# Pc per HDMI angeschlossen- funktioniert nicht.



## DarkDragon_21 (5. Dezember 2017)

Hallo liebes Forum,

ich habe heute voller Vorfreude meinen neuen UHD TV von Samsung entgegengenommen. Trotz vieler cooler und nützlicher Funktionen stört mich eines gewaltig:

Mein 5 Jahre alter PC. Ich habe die letzten Stunden wie ein Verrückter gegooglet und die meisten Schritte von anderen Foren befolgt, aber nichts hat geholfen. Ich habe momentan eine GeForce GTX 670 und meinen PC per HDMI an den Fernseher verbunden. Da mein Fernseher kein DVI hat war dies die einzige Möglichkeit. Ich habe auch gerade den neuesten Traiber meiner Grafikkarte vom 30.11. runtergeladen, aber immer wieder habe ich folgendes Problem:

Sobald ich die Nvidia Systemsteuerung öffne und mehrere Anzeigen einrichten will, sagt mir die Systemsteuerung, dass nur mein FHD Monitor angeschlossen sei, aber kein Fernseher. Obwohl ich die genaue Anzeigeerkennung benutze und die Verbindung mit dem Fernseher aktiviere passiert nichts.

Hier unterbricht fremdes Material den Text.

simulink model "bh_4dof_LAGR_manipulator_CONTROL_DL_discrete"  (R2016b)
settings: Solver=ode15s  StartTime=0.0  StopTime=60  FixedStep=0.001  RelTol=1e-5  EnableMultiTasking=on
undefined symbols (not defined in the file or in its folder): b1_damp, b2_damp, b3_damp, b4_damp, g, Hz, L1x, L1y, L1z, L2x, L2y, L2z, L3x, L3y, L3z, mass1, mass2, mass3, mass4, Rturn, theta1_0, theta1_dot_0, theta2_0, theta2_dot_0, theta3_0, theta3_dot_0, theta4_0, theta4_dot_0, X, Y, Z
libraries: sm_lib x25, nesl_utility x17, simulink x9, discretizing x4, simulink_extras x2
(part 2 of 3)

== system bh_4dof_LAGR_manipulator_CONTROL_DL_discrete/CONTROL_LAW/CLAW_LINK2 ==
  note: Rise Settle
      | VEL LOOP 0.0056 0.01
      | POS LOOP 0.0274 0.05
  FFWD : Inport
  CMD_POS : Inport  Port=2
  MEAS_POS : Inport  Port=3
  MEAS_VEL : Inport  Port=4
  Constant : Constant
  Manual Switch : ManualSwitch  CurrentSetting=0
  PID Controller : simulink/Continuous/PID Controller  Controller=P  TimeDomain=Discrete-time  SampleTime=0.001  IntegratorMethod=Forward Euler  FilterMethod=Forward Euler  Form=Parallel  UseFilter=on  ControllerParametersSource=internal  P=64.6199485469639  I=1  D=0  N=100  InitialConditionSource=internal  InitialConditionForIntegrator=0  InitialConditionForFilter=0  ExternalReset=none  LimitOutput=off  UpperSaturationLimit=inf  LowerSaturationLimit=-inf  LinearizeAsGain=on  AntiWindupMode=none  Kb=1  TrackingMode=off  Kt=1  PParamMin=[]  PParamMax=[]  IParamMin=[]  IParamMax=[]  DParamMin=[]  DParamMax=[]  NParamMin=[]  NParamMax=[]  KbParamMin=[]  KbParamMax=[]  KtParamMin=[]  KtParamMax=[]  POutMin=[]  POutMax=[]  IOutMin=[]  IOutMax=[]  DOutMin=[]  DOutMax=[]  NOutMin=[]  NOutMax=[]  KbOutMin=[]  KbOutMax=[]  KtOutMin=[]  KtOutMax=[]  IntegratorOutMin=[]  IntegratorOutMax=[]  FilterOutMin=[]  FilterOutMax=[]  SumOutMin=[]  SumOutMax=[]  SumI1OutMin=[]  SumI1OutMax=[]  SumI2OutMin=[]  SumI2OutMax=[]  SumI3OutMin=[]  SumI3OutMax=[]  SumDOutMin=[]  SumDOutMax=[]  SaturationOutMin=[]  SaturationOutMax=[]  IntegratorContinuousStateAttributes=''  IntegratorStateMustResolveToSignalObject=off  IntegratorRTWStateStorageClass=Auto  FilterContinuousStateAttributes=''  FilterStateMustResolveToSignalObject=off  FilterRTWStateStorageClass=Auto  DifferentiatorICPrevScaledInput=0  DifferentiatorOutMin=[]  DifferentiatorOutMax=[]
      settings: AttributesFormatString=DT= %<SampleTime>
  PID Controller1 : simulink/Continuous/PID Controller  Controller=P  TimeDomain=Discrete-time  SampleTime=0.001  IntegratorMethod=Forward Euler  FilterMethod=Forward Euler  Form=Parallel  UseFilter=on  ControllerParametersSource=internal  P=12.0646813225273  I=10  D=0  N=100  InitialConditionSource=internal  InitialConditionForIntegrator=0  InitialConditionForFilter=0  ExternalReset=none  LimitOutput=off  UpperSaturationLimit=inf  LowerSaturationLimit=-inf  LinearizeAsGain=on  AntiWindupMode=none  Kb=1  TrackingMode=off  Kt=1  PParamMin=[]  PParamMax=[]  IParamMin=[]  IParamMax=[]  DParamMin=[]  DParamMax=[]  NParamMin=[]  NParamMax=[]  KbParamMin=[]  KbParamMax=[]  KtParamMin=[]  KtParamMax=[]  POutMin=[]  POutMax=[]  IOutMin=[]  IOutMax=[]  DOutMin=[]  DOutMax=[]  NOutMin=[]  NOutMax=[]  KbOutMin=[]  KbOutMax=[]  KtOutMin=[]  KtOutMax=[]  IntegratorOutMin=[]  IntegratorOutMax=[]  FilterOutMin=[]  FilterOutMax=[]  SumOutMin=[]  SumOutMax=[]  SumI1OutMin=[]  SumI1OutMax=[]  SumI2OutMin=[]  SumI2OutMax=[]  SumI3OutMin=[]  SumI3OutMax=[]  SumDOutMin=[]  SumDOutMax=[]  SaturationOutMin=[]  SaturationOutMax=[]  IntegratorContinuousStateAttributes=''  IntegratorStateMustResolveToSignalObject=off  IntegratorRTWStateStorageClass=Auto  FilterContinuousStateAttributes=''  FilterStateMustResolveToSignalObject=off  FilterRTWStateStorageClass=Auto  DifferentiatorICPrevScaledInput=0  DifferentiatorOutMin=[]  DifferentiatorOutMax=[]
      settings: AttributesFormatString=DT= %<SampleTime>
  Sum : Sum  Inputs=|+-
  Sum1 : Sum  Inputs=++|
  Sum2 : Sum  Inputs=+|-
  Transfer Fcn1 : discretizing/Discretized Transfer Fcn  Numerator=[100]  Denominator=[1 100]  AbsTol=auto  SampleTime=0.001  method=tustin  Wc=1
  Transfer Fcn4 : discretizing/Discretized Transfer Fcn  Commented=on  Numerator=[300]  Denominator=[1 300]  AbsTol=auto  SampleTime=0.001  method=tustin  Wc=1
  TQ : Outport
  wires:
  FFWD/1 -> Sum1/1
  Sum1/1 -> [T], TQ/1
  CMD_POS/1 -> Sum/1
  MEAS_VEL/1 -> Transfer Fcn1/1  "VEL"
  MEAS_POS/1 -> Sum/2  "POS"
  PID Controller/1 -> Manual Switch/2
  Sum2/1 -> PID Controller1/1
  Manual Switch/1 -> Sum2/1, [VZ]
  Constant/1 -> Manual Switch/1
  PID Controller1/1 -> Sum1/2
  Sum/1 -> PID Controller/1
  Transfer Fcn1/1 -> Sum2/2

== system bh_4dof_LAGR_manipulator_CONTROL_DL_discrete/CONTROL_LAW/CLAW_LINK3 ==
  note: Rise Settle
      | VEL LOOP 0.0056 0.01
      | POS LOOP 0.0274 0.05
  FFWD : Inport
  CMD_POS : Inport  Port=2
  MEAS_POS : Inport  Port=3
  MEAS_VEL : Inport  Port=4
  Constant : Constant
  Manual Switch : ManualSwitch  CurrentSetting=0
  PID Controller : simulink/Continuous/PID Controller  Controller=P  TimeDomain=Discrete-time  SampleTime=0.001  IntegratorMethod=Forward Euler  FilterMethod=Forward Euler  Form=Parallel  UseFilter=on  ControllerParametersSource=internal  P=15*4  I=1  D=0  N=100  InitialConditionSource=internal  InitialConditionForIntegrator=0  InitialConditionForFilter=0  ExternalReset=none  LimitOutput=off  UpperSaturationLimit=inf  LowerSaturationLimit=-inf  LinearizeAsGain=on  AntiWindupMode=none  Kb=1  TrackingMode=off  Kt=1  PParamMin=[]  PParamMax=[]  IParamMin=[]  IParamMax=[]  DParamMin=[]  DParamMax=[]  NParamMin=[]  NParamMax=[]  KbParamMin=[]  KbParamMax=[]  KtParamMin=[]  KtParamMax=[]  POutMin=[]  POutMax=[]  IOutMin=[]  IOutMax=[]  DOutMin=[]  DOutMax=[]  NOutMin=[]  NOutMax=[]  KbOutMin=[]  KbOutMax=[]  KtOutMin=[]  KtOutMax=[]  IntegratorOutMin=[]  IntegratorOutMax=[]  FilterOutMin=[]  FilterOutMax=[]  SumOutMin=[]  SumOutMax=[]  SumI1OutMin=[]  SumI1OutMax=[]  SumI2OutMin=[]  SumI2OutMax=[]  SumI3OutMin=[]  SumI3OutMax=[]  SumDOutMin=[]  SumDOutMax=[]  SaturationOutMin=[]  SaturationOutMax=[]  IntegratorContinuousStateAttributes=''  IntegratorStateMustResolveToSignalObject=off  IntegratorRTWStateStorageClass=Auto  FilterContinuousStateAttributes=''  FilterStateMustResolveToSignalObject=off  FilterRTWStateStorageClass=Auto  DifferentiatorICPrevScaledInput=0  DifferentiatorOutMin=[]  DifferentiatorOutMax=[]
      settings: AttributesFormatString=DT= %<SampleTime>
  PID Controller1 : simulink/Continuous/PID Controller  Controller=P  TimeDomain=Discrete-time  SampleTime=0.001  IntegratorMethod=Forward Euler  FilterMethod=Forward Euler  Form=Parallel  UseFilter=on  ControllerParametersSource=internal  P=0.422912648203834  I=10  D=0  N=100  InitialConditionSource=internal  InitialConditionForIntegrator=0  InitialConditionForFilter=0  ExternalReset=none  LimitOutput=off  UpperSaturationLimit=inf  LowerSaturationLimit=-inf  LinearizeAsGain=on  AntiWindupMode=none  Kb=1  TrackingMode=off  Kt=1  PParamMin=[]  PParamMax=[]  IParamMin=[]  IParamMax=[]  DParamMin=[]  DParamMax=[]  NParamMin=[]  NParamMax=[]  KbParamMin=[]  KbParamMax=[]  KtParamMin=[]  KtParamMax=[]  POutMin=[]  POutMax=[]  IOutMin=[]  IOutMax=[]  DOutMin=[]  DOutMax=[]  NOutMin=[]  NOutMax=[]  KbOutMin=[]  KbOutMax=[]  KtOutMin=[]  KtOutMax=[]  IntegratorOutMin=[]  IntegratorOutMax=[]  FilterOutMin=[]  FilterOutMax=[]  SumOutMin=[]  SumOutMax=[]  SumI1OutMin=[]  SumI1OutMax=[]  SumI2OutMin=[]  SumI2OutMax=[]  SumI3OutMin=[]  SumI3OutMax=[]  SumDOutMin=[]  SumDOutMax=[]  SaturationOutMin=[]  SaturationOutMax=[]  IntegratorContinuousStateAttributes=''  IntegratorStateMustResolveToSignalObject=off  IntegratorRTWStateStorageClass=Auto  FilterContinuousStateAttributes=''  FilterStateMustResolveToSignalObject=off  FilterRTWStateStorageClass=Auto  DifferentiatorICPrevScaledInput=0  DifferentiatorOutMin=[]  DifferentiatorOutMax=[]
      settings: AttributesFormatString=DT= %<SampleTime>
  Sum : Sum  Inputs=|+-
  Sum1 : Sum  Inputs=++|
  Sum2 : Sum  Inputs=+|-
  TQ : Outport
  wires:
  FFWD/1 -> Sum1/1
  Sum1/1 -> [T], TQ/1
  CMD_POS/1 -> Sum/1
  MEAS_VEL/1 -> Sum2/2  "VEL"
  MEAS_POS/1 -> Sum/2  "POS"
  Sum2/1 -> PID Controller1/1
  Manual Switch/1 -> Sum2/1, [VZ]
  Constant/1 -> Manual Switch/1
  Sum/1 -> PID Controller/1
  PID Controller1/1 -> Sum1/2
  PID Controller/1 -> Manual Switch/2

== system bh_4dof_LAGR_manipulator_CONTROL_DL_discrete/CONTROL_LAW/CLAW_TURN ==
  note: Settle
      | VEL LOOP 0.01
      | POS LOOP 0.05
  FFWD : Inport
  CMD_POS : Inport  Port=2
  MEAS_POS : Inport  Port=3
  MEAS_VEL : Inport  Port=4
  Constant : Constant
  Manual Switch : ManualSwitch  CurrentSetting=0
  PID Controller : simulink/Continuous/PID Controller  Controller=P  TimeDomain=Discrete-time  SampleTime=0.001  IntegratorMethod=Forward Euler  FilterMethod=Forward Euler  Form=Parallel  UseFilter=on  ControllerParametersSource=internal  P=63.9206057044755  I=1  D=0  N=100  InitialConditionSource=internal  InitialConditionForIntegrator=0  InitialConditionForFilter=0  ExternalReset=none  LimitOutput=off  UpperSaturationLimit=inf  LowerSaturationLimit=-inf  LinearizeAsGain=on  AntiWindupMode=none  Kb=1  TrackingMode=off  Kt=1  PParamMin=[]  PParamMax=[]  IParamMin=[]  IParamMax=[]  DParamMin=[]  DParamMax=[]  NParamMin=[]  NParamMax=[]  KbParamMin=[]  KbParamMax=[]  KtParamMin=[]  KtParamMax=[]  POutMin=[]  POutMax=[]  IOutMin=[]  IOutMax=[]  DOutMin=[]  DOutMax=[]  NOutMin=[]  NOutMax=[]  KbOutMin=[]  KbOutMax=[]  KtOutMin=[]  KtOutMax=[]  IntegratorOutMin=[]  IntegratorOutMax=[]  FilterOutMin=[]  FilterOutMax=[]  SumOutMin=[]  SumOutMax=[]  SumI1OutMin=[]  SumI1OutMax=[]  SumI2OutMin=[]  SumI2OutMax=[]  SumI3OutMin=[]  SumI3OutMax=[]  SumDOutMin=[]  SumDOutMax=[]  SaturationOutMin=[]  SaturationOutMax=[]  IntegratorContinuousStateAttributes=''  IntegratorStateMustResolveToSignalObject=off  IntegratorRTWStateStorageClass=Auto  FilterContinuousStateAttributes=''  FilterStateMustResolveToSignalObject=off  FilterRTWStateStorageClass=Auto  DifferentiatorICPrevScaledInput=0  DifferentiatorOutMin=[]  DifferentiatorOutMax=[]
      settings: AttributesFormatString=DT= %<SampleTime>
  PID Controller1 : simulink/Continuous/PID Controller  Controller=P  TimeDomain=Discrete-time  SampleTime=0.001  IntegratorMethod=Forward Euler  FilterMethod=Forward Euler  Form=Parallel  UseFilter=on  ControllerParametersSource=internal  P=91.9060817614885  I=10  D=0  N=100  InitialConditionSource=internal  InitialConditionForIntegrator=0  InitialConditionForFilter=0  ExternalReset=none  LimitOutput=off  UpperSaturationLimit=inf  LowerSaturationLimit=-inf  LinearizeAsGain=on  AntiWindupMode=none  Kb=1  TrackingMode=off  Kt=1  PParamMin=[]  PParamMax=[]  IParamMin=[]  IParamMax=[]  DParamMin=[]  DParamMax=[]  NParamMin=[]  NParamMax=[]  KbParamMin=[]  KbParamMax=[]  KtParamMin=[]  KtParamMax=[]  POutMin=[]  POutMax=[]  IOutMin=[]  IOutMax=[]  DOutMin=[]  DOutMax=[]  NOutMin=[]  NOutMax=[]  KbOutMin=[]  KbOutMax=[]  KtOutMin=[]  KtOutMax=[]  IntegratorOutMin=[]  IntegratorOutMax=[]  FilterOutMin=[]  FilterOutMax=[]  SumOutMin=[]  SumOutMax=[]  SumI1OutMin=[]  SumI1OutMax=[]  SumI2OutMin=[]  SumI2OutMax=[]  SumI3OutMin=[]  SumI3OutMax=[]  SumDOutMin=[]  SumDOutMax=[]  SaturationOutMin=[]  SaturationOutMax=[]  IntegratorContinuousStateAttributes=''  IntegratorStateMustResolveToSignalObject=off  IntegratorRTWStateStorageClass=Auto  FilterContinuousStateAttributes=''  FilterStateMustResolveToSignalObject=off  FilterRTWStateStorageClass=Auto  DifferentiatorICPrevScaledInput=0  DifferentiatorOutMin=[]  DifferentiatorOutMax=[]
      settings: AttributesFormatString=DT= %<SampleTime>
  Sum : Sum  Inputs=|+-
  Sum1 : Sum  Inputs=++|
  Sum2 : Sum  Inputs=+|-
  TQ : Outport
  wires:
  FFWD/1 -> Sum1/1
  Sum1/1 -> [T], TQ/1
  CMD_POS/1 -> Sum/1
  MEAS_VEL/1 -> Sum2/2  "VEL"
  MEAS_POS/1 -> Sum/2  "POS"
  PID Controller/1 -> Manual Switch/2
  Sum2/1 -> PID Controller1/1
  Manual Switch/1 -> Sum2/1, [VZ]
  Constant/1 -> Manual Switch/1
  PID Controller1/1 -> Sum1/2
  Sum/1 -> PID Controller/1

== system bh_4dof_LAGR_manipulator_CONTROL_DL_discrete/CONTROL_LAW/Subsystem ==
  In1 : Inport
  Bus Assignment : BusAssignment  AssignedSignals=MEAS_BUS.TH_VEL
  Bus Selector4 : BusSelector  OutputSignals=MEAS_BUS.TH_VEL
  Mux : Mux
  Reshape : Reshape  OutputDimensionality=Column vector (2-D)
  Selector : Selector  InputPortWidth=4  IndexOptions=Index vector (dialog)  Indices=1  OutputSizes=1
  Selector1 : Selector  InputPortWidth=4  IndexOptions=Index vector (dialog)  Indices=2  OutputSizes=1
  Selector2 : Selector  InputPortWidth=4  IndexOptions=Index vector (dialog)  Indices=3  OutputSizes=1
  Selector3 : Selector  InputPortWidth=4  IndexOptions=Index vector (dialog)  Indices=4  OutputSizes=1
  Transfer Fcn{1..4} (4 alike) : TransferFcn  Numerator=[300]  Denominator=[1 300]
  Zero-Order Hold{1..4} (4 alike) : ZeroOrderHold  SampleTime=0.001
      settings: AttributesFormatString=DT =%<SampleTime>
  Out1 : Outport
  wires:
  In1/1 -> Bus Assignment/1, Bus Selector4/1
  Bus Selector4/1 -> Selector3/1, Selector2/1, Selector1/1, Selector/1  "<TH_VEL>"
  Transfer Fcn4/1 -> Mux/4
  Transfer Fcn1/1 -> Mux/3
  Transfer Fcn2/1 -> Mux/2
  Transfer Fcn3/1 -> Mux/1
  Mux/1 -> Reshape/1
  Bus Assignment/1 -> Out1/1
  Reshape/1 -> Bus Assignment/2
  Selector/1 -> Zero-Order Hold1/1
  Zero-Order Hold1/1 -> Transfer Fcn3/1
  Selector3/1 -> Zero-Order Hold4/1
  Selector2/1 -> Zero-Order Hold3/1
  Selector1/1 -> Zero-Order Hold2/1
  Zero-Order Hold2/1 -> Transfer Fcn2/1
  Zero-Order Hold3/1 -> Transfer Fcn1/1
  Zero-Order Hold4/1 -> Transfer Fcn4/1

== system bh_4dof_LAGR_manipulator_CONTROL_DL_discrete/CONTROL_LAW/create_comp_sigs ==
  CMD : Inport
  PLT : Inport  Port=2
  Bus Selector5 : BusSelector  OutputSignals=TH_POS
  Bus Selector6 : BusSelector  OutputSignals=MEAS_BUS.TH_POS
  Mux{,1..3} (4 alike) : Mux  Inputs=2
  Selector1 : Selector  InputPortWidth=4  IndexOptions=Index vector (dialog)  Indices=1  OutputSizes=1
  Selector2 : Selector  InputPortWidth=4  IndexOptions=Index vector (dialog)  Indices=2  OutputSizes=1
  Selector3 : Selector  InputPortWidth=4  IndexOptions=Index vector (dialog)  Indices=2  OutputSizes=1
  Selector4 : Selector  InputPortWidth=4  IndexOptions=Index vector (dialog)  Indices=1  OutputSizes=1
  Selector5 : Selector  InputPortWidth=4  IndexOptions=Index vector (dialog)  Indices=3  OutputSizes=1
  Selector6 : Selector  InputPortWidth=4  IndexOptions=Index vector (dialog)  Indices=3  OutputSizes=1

Andersrum ist es auch komisch:

An meinem Samsung MU8009 wird zwar erkannt, dass ein HDMI Kabel am HDMI Port angeschlossen ist, aber ein Signal gibt es nicht und meinen PC erkennt er auch nicht.

An einem Kabelbruch des HDMI Kabels kann es nicht liegen, da es neu von Amazon heute geliefert wurde und auch an meiner Grafikkarte (wahrscheinlich) nicht. Als ich noch bei meinen Eltern gewohnt habe und vor 4 Jahren meinen PC mittels HDMI an ihren FHD TV anschließen wollte, hatte ich dasselbe Problem( ich habe gelesen, dass es sein könnte, dass meine GraKa zu alt wäre und deswegen per HDMI mit meinem Fernseher nicht kompatibel sei).

Vielleicht hätte jemand von euch eine Idee was ich nich tun kann?

Ich bin schon echt am Verzweifeln T_T

Vielen Dank schon mal für all die Antworten!


----------



## Einwegkartoffel (5. Dezember 2017)

Hast du es einfach mal _Windows-Taste_ + _P_ versucht? Bzw was passiert, wenn du das drückst?


----------



## Ramonx56 (5. Dezember 2017)

Um ein weiteres Display zu verwenden, muss soweit ich weiß nicht im Treiber herumgepfuscht werden.
Desktop>Rechtsklick>Bildschirmauflösung>Erkennen>Mehrere Anzeigen>Diese Anzeige erweitern.
Vorausgesetzt du hast beim Monitor das Eingangssignal auf HDMI eingestellt!!!


----------



## BloodySuicide (6. Dezember 2017)

was passiert wenn du nur den TV dran hast? Vielleicht kann die Karte nicht mehr als 4K. Der Monitor wird ihr vielleicht zu viel


----------



## KonterSchock (6. Dezember 2017)

Plug und Play sollte hier von selbst starten.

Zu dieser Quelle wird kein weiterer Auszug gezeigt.